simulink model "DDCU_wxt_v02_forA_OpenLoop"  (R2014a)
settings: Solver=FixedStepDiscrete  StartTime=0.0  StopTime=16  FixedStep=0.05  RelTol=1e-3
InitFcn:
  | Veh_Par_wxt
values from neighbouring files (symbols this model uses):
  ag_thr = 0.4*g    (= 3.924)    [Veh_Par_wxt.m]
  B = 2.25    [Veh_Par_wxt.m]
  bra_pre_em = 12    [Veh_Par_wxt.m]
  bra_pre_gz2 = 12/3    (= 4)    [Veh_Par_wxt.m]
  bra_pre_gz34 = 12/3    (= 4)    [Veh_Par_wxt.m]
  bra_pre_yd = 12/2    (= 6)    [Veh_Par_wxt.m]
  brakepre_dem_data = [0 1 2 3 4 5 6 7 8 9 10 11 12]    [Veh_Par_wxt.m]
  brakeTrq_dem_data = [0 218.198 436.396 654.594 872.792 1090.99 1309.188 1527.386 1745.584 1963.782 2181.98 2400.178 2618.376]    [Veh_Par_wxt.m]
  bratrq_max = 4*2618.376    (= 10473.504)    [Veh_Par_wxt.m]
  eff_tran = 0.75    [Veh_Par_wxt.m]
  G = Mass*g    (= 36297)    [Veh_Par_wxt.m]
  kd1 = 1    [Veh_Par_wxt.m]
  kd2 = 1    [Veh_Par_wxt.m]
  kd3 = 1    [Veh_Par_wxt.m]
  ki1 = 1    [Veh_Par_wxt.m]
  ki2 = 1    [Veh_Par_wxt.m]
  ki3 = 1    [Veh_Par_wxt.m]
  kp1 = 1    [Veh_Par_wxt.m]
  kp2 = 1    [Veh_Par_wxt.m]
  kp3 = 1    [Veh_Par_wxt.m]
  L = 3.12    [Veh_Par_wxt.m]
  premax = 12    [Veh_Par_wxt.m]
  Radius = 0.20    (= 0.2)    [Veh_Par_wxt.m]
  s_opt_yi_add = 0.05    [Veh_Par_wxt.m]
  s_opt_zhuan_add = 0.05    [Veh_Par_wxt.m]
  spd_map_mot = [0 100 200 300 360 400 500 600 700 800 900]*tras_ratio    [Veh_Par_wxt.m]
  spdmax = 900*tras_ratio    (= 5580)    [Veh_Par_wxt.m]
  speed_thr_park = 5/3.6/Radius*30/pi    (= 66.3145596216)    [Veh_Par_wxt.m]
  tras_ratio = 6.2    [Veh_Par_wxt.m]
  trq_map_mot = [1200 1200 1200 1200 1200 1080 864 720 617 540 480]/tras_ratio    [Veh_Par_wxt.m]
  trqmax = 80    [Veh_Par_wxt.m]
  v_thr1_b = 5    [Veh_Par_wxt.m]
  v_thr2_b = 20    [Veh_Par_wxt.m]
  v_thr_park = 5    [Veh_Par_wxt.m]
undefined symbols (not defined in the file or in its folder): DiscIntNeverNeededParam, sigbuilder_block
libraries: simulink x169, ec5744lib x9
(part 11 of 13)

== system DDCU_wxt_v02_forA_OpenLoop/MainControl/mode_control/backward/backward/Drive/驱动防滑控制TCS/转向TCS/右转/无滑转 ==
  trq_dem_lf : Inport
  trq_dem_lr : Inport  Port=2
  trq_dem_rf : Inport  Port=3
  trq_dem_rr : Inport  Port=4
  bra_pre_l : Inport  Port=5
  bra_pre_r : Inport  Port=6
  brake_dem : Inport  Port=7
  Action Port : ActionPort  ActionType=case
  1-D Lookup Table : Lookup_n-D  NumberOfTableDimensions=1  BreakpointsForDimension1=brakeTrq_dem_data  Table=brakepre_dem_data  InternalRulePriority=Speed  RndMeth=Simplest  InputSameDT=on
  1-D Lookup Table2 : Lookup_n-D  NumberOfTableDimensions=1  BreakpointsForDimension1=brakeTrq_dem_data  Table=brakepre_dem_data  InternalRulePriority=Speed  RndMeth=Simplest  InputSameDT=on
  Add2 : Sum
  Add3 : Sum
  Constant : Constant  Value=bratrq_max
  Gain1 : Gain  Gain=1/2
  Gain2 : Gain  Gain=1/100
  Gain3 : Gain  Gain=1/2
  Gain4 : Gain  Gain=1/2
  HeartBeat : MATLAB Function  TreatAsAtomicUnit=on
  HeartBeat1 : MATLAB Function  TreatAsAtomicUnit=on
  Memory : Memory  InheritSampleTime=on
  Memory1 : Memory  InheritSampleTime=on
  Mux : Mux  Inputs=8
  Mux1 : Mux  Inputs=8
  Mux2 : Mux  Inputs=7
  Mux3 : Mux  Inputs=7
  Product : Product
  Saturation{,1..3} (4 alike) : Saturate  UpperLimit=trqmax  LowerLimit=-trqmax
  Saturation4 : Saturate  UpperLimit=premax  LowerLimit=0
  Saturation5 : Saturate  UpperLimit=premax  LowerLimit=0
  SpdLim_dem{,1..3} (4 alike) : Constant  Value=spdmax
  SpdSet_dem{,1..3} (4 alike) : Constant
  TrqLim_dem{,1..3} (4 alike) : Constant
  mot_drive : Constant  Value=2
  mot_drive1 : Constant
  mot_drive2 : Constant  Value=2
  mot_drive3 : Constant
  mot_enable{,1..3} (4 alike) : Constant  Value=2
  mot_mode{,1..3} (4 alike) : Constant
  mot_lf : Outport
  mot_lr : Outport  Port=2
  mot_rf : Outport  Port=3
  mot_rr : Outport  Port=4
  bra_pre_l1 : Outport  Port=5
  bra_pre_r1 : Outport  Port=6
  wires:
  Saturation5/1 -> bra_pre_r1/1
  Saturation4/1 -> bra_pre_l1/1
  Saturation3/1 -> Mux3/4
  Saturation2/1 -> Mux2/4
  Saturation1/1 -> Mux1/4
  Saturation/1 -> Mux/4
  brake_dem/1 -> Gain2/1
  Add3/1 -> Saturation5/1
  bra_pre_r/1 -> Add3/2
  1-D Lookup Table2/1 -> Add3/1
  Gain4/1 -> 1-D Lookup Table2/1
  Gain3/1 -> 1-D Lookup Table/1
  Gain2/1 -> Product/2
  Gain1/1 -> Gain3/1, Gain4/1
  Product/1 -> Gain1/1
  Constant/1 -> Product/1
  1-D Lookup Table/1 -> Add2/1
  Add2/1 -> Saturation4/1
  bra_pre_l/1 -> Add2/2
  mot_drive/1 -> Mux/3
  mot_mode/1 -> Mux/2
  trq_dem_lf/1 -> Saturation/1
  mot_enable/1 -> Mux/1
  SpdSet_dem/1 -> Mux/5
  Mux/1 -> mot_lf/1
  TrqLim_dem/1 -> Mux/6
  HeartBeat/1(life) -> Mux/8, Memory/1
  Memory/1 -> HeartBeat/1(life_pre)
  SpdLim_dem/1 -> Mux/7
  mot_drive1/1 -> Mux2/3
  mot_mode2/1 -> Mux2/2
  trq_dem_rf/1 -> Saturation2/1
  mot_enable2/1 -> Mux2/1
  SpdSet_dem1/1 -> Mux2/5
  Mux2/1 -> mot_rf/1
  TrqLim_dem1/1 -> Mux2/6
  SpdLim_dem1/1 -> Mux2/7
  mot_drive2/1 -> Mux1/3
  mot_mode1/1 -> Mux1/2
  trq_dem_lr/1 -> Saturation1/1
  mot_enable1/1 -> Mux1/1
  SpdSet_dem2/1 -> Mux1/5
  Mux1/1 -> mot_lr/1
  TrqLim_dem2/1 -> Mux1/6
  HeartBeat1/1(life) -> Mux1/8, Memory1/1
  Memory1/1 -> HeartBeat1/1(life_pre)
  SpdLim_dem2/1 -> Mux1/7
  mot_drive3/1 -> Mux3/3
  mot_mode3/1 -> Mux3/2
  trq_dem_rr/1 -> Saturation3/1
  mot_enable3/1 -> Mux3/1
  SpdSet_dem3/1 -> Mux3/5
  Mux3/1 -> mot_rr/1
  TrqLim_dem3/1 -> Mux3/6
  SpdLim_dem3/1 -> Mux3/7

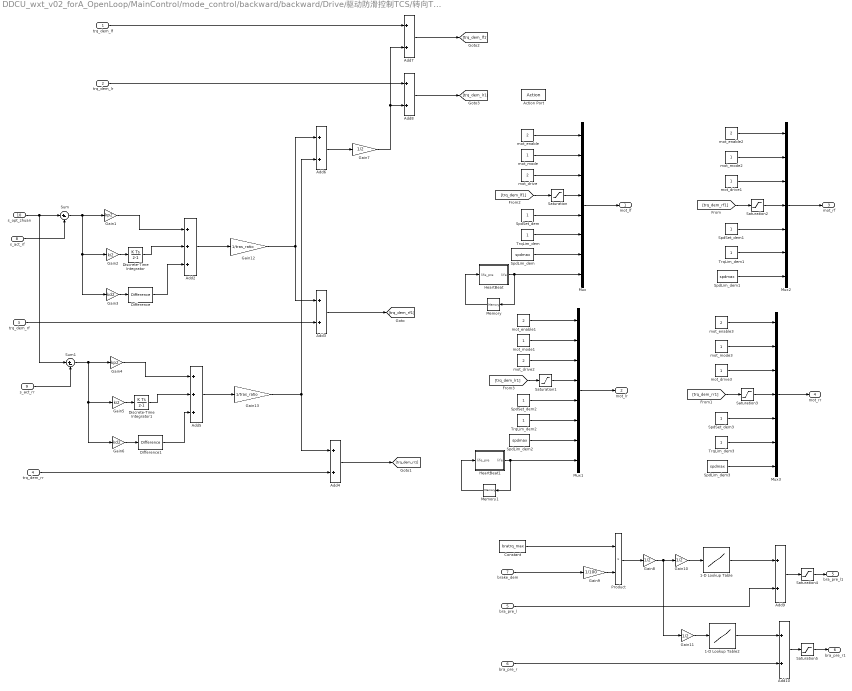
== system DDCU_wxt_v02_forA_OpenLoop/MainControl/mode_control/backward/backward/Drive/驱动防滑控制TCS/转向TCS/左转/前后轮均滑转 ==
  trq_dem_lf : Inport
  trq_dem_lr : Inport  Port=2
  trq_dem_rf : Inport  Port=3
  trq_dem_rr : Inport  Port=4
  bra_pre_l : Inport  Port=5
  bra_pre_r : Inport  Port=6
  brake_dem : Inport  Port=7
  s_act_rf : Inport  Port=8
  s_act_rr : Inport  Port=9
  s_opt_zhuan : Inport  Port=10
  Action Port : ActionPort  ActionType=case
  1-D Lookup Table : Lookup_n-D  NumberOfTableDimensions=1  BreakpointsForDimension1=brakeTrq_dem_data  Table=brakepre_dem_data  InternalRulePriority=Speed  RndMeth=Simplest  InputSameDT=on
  1-D Lookup Table2 : Lookup_n-D  NumberOfTableDimensions=1  BreakpointsForDimension1=brakeTrq_dem_data  Table=brakepre_dem_data  InternalRulePriority=Speed  RndMeth=Simplest  InputSameDT=on
  Add{3..4,6..10} (7 alike) : Sum
  Add2 : Sum  Inputs=+++
  Add5 : Sum  Inputs=+++
  Constant : Constant  Value=bratrq_max
  Difference : simulink/Discrete/Difference  ICPrevInput=0.0  InputProcessing=Inherited  OutMin=[]  OutMax=[]  OutDataType=fixdt(1, 16)  OutScaling=2^-10  DoSatur=off
  Difference1 : simulink/Discrete/Difference  ICPrevInput=0.0  InputProcessing=Inherited  OutMin=[]  OutMax=[]  OutDataType=fixdt(1, 16)  OutScaling=2^-10  DoSatur=off
  Discrete-Time Integrator : DiscreteIntegrator  SampleTime=-1  ICPrevOutput=DiscIntNeverNeededParam  ICPrevScaledInput=DiscIntNeverNeededParam
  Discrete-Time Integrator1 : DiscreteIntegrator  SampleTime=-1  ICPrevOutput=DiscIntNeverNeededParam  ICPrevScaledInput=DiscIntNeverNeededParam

__REQUIREMENT__: Word for word, restate the lines of the data above that fall between the line holding "mot_drive1 : Constant" and the line holding "SpdLim_dem3/1 -> Mux3/7", inclusive, and no other lines.

__EXERCISE RESULT__:
  mot_drive1 : Constant
  mot_drive2 : Constant  Value=2
  mot_drive3 : Constant
  mot_enable{,1..3} (4 alike) : Constant  Value=2
  mot_mode{,1..3} (4 alike) : Constant
  mot_lf : Outport
  mot_lr : Outport  Port=2
  mot_rf : Outport  Port=3
  mot_rr : Outport  Port=4
  bra_pre_l1 : Outport  Port=5
  bra_pre_r1 : Outport  Port=6
  wires:
  Saturation5/1 -> bra_pre_r1/1
  Saturation4/1 -> bra_pre_l1/1
  Saturation3/1 -> Mux3/4
  Saturation2/1 -> Mux2/4
  Saturation1/1 -> Mux1/4
  Saturation/1 -> Mux/4
  brake_dem/1 -> Gain2/1
  Add3/1 -> Saturation5/1
  bra_pre_r/1 -> Add3/2
  1-D Lookup Table2/1 -> Add3/1
  Gain4/1 -> 1-D Lookup Table2/1
  Gain3/1 -> 1-D Lookup Table/1
  Gain2/1 -> Product/2
  Gain1/1 -> Gain3/1, Gain4/1
  Product/1 -> Gain1/1
  Constant/1 -> Product/1
  1-D Lookup Table/1 -> Add2/1
  Add2/1 -> Saturation4/1
  bra_pre_l/1 -> Add2/2
  mot_drive/1 -> Mux/3
  mot_mode/1 -> Mux/2
  trq_dem_lf/1 -> Saturation/1
  mot_enable/1 -> Mux/1
  SpdSet_dem/1 -> Mux/5
  Mux/1 -> mot_lf/1
  TrqLim_dem/1 -> Mux/6
  HeartBeat/1(life) -> Mux/8, Memory/1
  Memory/1 -> HeartBeat/1(life_pre)
  SpdLim_dem/1 -> Mux/7
  mot_drive1/1 -> Mux2/3
  mot_mode2/1 -> Mux2/2
  trq_dem_rf/1 -> Saturation2/1
  mot_enable2/1 -> Mux2/1
  SpdSet_dem1/1 -> Mux2/5
  Mux2/1 -> mot_rf/1
  TrqLim_dem1/1 -> Mux2/6
  SpdLim_dem1/1 -> Mux2/7
  mot_drive2/1 -> Mux1/3
  mot_mode1/1 -> Mux1/2
  trq_dem_lr/1 -> Saturation1/1
  mot_enable1/1 -> Mux1/1
  SpdSet_dem2/1 -> Mux1/5
  Mux1/1 -> mot_lr/1
  TrqLim_dem2/1 -> Mux1/6
  HeartBeat1/1(life) -> Mux1/8, Memory1/1
  Memory1/1 -> HeartBeat1/1(life_pre)
  SpdLim_dem2/1 -> Mux1/7
  mot_drive3/1 -> Mux3/3
  mot_mode3/1 -> Mux3/2
  trq_dem_rr/1 -> Saturation3/1
  mot_enable3/1 -> Mux3/1
  SpdSet_dem3/1 -> Mux3/5
  Mux3/1 -> mot_rr/1
  TrqLim_dem3/1 -> Mux3/6
  SpdLim_dem3/1 -> Mux3/7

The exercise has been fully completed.